→ **Action item**: Starting at the line that contains "Vwy (ft/sec)/1 -> Mux/6", restate every line word for word through the end of the entries.

::: Information given

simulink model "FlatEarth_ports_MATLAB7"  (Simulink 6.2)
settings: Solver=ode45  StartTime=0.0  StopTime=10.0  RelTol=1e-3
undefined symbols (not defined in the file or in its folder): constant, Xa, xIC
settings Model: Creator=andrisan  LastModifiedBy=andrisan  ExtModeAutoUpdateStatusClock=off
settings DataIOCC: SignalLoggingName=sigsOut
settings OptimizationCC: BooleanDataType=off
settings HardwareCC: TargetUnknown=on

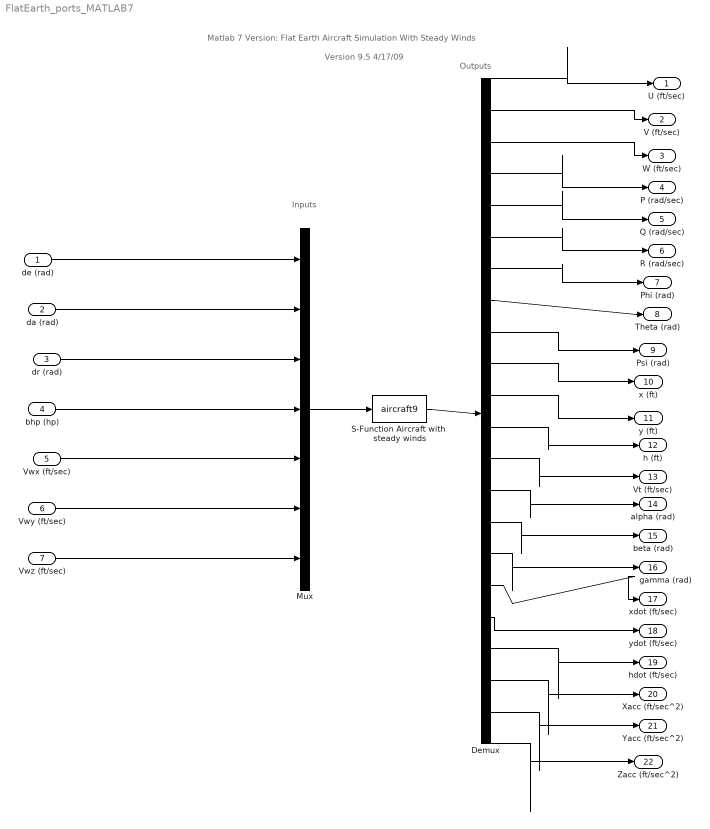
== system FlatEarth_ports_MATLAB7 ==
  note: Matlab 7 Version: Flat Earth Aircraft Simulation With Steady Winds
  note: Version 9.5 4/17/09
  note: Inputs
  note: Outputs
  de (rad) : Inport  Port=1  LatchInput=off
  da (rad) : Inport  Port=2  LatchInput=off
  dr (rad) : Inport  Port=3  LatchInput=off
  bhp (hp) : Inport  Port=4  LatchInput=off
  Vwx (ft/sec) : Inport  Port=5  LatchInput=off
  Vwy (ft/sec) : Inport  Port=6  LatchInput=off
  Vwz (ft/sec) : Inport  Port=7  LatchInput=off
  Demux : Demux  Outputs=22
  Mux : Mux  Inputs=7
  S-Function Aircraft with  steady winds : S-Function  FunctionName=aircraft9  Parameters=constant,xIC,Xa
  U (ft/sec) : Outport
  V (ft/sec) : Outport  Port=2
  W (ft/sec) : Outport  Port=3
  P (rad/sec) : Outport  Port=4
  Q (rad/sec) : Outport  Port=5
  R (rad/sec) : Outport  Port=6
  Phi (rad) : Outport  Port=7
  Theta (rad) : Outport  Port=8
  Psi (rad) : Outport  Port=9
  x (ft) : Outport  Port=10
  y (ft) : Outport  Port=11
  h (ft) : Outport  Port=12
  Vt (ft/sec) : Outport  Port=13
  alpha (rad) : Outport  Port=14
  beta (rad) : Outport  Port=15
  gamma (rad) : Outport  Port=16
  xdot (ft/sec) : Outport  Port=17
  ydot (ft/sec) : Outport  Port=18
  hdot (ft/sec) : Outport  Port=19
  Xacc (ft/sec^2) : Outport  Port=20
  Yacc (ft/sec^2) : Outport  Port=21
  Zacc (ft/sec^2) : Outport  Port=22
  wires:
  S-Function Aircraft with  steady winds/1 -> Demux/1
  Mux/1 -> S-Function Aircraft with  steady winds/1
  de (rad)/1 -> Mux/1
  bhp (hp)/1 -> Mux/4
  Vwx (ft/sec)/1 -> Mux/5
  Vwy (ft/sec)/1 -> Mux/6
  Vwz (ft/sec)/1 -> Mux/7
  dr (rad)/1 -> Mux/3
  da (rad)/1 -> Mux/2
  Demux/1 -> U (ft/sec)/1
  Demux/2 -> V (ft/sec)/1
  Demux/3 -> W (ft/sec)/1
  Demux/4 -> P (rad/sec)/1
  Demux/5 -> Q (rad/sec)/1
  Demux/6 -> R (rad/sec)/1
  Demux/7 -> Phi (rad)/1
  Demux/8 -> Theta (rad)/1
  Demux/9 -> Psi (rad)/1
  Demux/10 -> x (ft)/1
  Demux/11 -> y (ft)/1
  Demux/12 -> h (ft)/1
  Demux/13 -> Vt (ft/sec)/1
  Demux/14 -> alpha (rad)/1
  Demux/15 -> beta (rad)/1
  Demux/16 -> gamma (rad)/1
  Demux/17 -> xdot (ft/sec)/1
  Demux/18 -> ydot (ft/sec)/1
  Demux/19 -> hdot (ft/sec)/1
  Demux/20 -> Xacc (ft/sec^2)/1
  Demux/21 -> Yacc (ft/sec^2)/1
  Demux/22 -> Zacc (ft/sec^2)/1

::::::

→ **Written reply**:
  Vwy (ft/sec)/1 -> Mux/6
  Vwz (ft/sec)/1 -> Mux/7
  dr (rad)/1 -> Mux/3
  da (rad)/1 -> Mux/2
  Demux/1 -> U (ft/sec)/1
  Demux/2 -> V (ft/sec)/1
  Demux/3 -> W (ft/sec)/1
  Demux/4 -> P (rad/sec)/1
  Demux/5 -> Q (rad/sec)/1
  Demux/6 -> R (rad/sec)/1
  Demux/7 -> Phi (rad)/1
  Demux/8 -> Theta (rad)/1
  Demux/9 -> Psi (rad)/1
  Demux/10 -> x (ft)/1
  Demux/11 -> y (ft)/1
  Demux/12 -> h (ft)/1
  Demux/13 -> Vt (ft/sec)/1
  Demux/14 -> alpha (rad)/1
  Demux/15 -> beta (rad)/1
  Demux/16 -> gamma (rad)/1
  Demux/17 -> xdot (ft/sec)/1
  Demux/18 -> ydot (ft/sec)/1
  Demux/19 -> hdot (ft/sec)/1
  Demux/20 -> Xacc (ft/sec^2)/1
  Demux/21 -> Yacc (ft/sec^2)/1
  Demux/22 -> Zacc (ft/sec^2)/1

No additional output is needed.